**PROMPT:** For every line in the data below, check for the word "constraints", then state how many lines have it. Answer with the number only.

Segment Start: AVAILABLE DATA

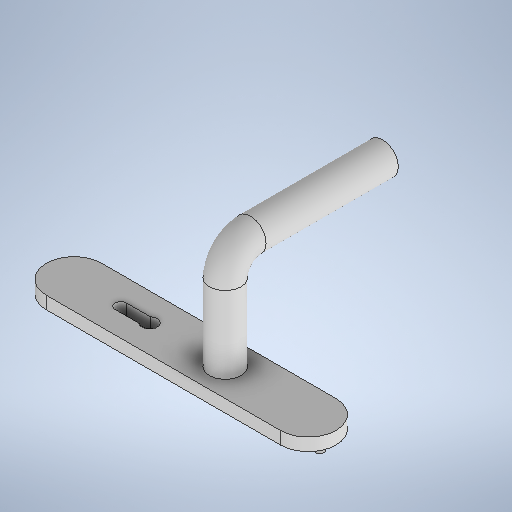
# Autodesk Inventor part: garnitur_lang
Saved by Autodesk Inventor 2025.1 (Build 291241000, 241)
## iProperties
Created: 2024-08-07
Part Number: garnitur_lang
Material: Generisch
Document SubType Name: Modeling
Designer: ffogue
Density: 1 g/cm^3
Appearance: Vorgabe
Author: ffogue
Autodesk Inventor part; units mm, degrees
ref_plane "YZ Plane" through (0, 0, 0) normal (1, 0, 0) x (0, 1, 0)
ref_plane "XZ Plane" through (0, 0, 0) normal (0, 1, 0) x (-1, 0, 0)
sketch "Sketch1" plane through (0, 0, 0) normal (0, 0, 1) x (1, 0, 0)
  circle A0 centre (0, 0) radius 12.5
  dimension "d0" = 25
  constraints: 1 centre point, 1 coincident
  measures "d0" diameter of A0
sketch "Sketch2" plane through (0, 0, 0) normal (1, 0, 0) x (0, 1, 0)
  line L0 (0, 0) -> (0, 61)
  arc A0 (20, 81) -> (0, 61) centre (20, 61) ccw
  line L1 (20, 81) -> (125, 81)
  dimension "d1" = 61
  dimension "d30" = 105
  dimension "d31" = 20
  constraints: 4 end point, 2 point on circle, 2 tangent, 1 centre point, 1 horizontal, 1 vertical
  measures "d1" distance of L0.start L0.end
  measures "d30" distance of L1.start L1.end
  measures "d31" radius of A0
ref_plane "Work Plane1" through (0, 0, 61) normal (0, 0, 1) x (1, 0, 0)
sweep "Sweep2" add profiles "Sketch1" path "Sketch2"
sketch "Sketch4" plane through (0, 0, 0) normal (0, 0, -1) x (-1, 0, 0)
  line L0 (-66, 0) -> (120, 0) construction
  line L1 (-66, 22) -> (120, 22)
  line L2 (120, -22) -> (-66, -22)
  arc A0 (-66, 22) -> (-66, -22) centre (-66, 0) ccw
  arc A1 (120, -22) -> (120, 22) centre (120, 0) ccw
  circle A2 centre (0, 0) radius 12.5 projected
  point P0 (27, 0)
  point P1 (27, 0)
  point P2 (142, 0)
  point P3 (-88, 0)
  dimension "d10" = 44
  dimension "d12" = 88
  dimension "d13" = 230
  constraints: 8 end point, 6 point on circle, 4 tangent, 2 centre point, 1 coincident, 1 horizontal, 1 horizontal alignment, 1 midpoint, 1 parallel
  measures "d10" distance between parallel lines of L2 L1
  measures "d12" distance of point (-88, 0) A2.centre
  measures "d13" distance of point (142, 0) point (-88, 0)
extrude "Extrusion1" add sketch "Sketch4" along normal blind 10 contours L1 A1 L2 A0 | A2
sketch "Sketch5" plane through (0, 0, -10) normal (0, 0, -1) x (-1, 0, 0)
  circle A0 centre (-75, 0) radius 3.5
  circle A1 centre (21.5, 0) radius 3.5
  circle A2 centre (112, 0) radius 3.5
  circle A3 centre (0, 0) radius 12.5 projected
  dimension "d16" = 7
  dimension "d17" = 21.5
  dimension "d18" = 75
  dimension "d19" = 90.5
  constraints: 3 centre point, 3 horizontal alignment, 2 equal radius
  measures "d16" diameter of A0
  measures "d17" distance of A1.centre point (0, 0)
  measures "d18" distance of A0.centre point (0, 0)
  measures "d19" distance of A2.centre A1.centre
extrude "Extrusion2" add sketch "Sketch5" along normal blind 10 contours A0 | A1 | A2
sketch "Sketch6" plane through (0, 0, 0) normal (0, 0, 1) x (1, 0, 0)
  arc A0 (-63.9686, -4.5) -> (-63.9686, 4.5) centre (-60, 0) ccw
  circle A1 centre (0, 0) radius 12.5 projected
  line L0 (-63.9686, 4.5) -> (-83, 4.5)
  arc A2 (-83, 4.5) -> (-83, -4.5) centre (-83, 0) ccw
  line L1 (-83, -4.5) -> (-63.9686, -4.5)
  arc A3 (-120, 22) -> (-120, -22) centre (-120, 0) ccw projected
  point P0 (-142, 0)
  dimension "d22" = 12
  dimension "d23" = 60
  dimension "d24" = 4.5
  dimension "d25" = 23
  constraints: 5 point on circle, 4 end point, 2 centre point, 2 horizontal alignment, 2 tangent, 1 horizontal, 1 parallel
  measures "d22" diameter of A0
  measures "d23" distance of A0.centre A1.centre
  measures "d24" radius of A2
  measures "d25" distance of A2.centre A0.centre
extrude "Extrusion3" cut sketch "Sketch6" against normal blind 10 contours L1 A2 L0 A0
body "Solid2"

Segment End: AVAILABLE DATA

**SOLUTION TO THIS PROBLEM:** 5